How can Nuxeo EP enforce data integrity after a software or hardware crash hosting a Nuxeo Content Repository (since it uses a RDMBS database and a filesystem storage that can even be stored on different nodes).

A:

To achieve the highest level of data integrity, Nuxeo recommends storing binary files as BLOBs directly in the database (hence use a RDBMS offering optimized BLOBs storage (such as Oracle or PostgreSQL). Using this mechanism, Nuxeo EP can store all its data into the RDBMS (including request/search engine indexes) and relies on it to enforce data integrity. Moreover, Nuxeo EP is fully transactional and relies on JTA (+ XA) for transaction management (that enforce data integrity across data sources).

Q:

Is there any procedure for data integrity check and/or repair of inconsistency, if it appears?

A:

Nuxeo EP has been designed to completely rely on RDBMS data integrity (that can be considered trustable nowadays). One can use RDBMS tools to check data integrity/consistency and data failure if any. If the data model is corrupted, Nuxeo EP warns about it when the repository starts. Indexes (from Nuxeo Search) can be verified and easily be rebuilt by reindexing the content if any problem occurs.

Q:

If a repository is corrupted, what is the maximal impact on the service's operations for end-users? How are reported errors due to a data corruption (ex: logs, notifications, etc.)?

A:

The maximal impact is service downtime and data restoration from backups. Data integrity errors are reported in the logs and can then be sent via email notifications, SNMP and any log4j capabilities.

A.1.5. Backup & Restore

Q:

Does Nuxeo EP offer applicative incremental backup and restore features? If not, is there any third party software or component that offers this?

A:

Nuxeo EP offers an applicative data import/export service (using XML serialization of documents) that can be used as an incremental backup/restore system. For an efficient backup system, Nuxeo recommends using native RDBMS tools (that can offer incremental backups, snapshots, hot restore, etc.).

Q:

What is the measured performance of backup and restore tools (processed content objects by time unit, backup time / restore time ratio, impact on application)?

A:

The restoration speed is the native database write performances. We do not have more statistics yet (but should be available by July 2007, benchmark are in progress on this point).

Q:

What is the procedure to achieve a consistent backup / restore of a repository? What are the measured performances? Impacts on service / operations?

A:

When all datasources for storage are using the same database (the recommended setup), the RDBMS can achieve a consistent backup (usually at low cost for the user service). Restore can only be launched when the system is stopped.

Q:

What is the procedure to restore one content object (files + metadata)? Idem for a set of content object (ex: all document for a given user, all documents from a folder, all document matching a set a criteria)?

A:

Content object restore can be done using the import/export service. Here is the procedure to achieve this:

  1. Get IDs of content object to restore using, for example, the audit service/log (ex: get all DocIds from "CreateObject" log entries for a particular user).
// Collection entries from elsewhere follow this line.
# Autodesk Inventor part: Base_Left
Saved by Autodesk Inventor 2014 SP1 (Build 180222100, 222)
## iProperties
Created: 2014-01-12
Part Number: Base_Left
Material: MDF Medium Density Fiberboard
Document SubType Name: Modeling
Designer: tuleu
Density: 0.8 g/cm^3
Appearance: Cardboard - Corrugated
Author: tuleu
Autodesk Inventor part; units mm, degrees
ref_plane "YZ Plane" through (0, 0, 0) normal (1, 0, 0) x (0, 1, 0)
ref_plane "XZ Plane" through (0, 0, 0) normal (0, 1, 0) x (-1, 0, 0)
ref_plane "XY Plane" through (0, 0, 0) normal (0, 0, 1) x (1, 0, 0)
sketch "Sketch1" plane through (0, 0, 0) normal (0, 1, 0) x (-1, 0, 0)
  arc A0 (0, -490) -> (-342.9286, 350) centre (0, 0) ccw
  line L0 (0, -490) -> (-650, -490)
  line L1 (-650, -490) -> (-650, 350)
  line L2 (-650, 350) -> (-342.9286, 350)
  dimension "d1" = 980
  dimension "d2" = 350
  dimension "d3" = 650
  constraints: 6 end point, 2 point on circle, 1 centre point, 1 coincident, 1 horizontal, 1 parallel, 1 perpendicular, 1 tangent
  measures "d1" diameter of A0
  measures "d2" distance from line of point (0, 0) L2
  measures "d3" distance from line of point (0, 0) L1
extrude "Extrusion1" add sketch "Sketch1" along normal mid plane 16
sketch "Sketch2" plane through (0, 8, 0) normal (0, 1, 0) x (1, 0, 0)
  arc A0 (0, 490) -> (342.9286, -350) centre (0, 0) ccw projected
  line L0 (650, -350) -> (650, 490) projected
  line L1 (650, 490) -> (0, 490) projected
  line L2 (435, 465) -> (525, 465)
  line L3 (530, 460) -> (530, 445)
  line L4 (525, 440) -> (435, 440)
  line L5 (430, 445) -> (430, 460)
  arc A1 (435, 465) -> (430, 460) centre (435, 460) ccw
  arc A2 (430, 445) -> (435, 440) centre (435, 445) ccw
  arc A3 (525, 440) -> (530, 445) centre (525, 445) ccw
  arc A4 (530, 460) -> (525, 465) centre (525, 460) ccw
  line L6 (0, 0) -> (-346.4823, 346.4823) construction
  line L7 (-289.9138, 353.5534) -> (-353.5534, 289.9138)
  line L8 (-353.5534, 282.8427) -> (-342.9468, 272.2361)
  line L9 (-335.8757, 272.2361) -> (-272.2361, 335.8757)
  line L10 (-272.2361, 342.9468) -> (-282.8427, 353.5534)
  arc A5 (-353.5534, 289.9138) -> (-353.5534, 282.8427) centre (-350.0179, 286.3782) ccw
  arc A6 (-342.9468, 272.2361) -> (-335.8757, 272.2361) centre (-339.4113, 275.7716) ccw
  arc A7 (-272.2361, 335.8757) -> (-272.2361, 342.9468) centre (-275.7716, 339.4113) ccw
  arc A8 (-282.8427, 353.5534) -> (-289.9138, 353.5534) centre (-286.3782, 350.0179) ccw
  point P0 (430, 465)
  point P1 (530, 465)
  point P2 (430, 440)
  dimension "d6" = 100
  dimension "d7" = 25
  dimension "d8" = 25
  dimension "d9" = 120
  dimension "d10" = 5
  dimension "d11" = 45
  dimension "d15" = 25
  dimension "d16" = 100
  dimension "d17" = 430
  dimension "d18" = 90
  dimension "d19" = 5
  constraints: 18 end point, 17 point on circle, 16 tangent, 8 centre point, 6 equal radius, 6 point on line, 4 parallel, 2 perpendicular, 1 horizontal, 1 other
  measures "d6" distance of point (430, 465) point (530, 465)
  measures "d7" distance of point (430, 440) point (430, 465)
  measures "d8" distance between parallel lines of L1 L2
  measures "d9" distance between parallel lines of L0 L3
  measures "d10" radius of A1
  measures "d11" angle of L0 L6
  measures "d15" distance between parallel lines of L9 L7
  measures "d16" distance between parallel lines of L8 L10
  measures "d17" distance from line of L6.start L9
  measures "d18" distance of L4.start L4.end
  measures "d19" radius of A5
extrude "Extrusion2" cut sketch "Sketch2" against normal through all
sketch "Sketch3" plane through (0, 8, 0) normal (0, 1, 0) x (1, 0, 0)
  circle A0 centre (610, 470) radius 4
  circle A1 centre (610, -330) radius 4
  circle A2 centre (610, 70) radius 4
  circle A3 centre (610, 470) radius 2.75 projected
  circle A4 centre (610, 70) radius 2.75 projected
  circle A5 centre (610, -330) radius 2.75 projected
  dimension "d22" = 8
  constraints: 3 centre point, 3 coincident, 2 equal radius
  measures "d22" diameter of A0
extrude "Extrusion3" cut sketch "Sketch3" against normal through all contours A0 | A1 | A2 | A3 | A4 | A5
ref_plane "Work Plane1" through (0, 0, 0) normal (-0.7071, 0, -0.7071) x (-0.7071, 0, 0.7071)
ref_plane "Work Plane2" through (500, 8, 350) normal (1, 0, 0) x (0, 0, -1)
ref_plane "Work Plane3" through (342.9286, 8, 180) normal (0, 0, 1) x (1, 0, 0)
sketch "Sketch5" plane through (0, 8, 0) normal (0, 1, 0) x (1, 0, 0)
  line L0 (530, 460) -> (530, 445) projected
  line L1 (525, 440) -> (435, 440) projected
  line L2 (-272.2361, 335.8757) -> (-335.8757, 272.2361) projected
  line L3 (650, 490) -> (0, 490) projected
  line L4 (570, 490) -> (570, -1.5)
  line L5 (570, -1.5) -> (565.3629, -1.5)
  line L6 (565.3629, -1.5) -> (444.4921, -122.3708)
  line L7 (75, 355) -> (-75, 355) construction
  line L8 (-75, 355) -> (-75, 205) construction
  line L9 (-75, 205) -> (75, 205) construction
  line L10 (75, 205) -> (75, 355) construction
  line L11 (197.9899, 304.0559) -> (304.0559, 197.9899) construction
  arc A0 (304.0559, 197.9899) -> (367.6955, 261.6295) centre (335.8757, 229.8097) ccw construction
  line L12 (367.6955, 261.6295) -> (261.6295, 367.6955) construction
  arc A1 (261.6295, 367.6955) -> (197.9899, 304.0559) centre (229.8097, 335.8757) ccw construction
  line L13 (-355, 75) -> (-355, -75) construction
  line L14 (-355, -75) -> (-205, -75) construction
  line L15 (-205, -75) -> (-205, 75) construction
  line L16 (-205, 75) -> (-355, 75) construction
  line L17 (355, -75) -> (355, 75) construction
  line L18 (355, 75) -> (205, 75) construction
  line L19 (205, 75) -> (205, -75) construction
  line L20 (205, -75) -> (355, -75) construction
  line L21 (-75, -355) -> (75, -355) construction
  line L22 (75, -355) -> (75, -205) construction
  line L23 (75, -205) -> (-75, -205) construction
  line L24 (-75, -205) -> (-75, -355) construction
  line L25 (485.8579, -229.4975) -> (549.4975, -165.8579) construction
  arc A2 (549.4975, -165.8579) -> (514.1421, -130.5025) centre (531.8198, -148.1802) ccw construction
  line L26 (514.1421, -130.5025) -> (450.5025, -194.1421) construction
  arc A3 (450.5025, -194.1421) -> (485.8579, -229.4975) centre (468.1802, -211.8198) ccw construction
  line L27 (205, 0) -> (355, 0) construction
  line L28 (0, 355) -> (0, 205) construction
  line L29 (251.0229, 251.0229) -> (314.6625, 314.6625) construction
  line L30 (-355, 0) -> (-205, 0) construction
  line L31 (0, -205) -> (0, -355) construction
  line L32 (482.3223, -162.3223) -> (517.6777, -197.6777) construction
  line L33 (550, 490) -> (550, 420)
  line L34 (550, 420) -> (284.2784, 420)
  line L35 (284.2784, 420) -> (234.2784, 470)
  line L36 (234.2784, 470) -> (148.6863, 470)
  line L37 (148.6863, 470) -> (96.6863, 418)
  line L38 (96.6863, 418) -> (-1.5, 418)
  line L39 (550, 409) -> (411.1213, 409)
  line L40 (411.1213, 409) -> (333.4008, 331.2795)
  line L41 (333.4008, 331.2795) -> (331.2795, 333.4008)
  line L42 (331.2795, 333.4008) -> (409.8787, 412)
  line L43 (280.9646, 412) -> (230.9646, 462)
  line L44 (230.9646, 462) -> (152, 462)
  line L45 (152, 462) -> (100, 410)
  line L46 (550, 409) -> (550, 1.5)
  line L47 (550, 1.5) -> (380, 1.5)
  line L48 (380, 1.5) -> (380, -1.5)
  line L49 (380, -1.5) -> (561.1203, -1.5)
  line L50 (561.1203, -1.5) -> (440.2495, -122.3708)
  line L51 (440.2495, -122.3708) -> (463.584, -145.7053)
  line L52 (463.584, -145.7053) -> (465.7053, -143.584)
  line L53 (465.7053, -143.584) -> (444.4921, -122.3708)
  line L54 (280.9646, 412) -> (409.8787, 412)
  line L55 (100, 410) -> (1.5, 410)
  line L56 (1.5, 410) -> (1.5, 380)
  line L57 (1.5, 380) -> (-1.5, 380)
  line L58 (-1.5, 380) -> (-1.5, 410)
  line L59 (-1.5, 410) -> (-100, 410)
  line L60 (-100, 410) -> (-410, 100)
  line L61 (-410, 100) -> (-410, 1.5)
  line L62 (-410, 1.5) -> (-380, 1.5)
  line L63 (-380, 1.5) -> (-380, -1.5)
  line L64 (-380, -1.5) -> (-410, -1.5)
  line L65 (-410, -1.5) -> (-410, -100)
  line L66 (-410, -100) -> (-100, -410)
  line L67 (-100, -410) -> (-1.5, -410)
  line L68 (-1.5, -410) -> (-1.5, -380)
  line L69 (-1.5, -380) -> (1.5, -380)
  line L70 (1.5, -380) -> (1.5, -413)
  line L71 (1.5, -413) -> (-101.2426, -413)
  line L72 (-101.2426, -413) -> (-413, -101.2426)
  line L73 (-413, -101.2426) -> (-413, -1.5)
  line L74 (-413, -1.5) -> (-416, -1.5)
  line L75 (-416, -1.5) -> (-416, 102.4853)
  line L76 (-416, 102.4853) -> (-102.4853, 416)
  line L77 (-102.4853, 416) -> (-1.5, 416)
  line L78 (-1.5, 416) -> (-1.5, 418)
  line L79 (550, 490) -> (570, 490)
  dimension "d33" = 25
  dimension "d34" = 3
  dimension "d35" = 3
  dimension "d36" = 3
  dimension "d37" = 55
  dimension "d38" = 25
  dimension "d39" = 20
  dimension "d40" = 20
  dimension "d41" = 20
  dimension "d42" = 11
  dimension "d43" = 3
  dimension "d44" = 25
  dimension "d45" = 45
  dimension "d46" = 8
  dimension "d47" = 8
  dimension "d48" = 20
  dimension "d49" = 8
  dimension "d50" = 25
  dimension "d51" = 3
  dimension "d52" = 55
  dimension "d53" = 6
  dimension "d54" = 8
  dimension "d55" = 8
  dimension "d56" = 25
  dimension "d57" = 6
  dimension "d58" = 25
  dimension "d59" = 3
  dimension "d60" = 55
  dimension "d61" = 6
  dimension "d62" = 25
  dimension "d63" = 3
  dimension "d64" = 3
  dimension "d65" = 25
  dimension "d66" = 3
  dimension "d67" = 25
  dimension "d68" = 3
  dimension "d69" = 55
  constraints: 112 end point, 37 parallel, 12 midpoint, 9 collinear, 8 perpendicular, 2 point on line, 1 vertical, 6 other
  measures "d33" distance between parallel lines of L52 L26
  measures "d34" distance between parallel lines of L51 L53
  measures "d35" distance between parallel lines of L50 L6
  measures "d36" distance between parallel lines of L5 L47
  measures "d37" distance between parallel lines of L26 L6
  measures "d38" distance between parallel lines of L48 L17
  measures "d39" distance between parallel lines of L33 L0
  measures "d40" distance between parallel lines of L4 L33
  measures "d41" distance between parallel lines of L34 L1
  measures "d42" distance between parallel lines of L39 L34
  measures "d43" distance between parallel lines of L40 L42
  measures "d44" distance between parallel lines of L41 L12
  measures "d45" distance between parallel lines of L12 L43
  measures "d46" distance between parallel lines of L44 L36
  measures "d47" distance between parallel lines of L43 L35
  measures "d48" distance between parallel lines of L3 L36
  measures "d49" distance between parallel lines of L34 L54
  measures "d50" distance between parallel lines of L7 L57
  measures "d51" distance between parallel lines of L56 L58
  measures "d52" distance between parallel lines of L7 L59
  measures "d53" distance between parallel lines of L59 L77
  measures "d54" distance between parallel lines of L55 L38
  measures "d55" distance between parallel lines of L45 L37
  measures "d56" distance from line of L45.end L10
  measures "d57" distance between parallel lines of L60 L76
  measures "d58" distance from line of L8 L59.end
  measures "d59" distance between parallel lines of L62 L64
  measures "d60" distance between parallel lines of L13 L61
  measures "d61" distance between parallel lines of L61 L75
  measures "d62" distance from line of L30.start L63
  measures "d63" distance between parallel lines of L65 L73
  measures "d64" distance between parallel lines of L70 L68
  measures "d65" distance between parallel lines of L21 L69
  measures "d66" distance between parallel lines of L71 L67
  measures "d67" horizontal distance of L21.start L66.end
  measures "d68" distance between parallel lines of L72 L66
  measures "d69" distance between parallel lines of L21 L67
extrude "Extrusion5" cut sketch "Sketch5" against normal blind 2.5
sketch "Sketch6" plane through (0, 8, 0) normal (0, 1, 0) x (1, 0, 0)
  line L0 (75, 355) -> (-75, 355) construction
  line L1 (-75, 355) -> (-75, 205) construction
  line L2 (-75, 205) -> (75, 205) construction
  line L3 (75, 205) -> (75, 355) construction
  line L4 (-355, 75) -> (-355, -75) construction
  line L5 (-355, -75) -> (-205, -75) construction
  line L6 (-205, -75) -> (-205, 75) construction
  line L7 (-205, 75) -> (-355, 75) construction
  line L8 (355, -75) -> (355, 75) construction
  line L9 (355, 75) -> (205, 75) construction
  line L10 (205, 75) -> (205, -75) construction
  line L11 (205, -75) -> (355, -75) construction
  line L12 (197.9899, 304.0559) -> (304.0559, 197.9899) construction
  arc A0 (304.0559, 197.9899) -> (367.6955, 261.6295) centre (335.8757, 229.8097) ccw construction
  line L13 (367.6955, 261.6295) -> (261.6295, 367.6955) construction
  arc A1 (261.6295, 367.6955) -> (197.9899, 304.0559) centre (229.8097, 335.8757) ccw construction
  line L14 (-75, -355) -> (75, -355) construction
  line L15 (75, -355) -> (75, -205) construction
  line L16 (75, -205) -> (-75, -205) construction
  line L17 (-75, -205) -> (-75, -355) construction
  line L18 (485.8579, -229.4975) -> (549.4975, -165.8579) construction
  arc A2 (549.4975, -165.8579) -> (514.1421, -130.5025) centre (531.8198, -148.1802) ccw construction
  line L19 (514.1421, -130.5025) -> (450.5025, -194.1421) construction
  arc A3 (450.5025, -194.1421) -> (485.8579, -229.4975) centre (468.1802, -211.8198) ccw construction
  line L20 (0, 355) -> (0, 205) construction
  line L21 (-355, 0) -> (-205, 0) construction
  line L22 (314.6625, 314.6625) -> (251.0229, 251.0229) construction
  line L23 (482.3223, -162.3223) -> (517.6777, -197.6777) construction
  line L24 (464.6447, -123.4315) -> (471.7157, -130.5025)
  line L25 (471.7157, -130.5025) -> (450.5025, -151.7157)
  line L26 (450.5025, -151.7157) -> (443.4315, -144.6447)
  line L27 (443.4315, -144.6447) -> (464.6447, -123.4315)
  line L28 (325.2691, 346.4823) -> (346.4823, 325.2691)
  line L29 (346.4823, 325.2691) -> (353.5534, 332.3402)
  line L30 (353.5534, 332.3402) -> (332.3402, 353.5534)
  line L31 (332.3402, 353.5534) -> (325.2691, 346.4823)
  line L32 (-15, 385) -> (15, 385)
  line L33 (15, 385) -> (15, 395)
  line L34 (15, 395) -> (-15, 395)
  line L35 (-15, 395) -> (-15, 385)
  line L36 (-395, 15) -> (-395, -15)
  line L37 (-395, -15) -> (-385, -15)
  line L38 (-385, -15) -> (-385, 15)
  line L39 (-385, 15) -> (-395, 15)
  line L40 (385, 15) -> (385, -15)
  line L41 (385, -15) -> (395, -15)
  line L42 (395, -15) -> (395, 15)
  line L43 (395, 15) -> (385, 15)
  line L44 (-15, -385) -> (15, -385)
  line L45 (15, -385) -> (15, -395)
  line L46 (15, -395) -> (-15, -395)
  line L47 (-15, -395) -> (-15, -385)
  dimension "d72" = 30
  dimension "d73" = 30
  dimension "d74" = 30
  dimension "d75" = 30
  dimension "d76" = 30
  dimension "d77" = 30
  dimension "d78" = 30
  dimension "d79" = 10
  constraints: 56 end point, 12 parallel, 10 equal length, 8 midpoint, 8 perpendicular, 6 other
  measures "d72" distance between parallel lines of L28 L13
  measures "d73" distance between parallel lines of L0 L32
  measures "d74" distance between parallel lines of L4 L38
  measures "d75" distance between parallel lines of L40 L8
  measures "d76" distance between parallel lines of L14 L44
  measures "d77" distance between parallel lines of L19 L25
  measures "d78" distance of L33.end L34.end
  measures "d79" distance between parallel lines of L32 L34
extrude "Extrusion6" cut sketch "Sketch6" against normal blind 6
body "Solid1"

  2. Get those document from a backup (done via the export service) and copy them in a directory (the standard export format use one directory per content object which is easing a lot this operation).

  3. Use a command line import/export client to (re-)import document in this directory.

  4. You're done.

Q:

How can a job scheduling / management service manage backup procedures (such as cron, anacron, CA Unicenter Autosys Job Management, etc.)? Is there any supported scripts?

A:

RDBMS backup can be handled as usual using legacy backup scripts for this RDBMS. Applicative backups can be launched using the import/export client CLI. There is not supported scripts at the moment (but they could easily be written).